O pesadelo americano, para a maioria da gente, foi o 11 de setembro de 2001. Aquela imagem do avião a perfurar uma das torres gêmeas, como uma agulha perfura um tumor, e de lá explodindo pus, em forma de fogo, e depois um outro, a ratificar e confirmar o absurdo que era o terror na terra onde sempre nasce o arco-íris, e depois o desabamento, do aço, do concreto à experiência, os gritos, o espanto, os corpos dilacerados, aquilo foi a encarnação do pesadelo em terras norte-americanas.

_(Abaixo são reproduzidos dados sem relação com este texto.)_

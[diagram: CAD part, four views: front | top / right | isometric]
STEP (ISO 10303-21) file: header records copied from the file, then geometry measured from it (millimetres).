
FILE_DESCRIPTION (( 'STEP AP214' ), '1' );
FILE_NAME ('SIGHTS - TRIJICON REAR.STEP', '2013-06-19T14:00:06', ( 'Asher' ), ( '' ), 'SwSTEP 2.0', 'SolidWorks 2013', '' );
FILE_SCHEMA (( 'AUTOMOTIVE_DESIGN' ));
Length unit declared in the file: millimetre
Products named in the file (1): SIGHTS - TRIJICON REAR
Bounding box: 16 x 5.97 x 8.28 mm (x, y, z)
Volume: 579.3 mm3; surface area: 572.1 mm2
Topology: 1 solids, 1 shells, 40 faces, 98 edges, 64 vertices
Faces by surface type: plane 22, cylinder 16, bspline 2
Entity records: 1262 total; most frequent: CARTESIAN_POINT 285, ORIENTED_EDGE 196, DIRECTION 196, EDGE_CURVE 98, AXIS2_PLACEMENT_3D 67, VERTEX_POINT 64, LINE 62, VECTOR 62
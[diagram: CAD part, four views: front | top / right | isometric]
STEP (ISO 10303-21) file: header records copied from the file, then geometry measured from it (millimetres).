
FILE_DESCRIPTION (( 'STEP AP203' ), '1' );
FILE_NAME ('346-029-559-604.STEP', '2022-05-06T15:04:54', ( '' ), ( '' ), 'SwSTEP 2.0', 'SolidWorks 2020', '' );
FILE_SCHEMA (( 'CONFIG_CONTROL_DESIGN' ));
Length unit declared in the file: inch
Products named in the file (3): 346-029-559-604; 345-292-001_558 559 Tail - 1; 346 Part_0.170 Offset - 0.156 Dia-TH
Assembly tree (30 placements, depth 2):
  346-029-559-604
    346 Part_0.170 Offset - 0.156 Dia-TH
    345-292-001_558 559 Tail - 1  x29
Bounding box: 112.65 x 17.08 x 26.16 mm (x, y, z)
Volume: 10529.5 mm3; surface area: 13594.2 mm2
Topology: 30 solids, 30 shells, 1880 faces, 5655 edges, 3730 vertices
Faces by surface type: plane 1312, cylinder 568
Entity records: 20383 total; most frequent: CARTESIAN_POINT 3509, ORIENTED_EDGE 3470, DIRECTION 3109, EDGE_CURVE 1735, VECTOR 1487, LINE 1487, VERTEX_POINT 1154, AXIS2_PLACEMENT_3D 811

O comum da gente toma aquilo como o pesadelo porque o comum da gente acredita no que vê e no que se repete à exaustão até o nível de idiotia. Mas o pesadelo e seu outro, o sonho norte-americano, vem de antes, bem antes com "Estranhos Frutos”, a canção imortal que Billie Holiday gravou para sempre.

Em tradução livre:

“As árvores do Sul suportam estranhos frutos
Sangue nas folhas
Sangue na raiz
Corpos negros balançando na brisa do Sul
Estranhos frutos pendurados nas árvores de madeira branca
Cena do campo do nobre Sul
Os olhos arregalados e as bocas torcidas
O doce perfume da magnólia e frescor
E de repente o cheiro de carne queimada
Eis um fruto para o corvo bicar
Para a chuva vincar
Para o vento sugar
Para o sol estragar
Para a árvore derrubar
Nesta estranha e amarga colheita"

No original:

“Southern trees bear strange fruit
Blood on the leaves
Blood at the root
Black bodies swinging in the southern breeze
Strange fruit hanging from the poplar trees
Pastoral scene of the gallant south
The bulging eyes and the twisted mouth
The scent of magnolia sweet and fresh
Then the sudden smell of burning flesh
Here is a fruit for the crows to pluck
for the rain to gather
for the wind to suck
for the sun to rot
for the tree to drop”


Essa lembrança da eterna canção de Billie Holiday aproxima o sonho do seu siamês. No momento, vemos as imagens de crianças separadas dos pais na caçada aos imigrantes ordenada por Trump.


Isso já passou de um pesadelo. Voltamos a mergulhar no verdadeiro sonho americano.

* Urariano Mota, jornalista, é autor dos romances
Soledad no Recife, O Filho Renegado de Deus e A Mais Longa Duração da Juventude. É colunista do Vermelho e colaborador do Prosa, Poesia e Arte.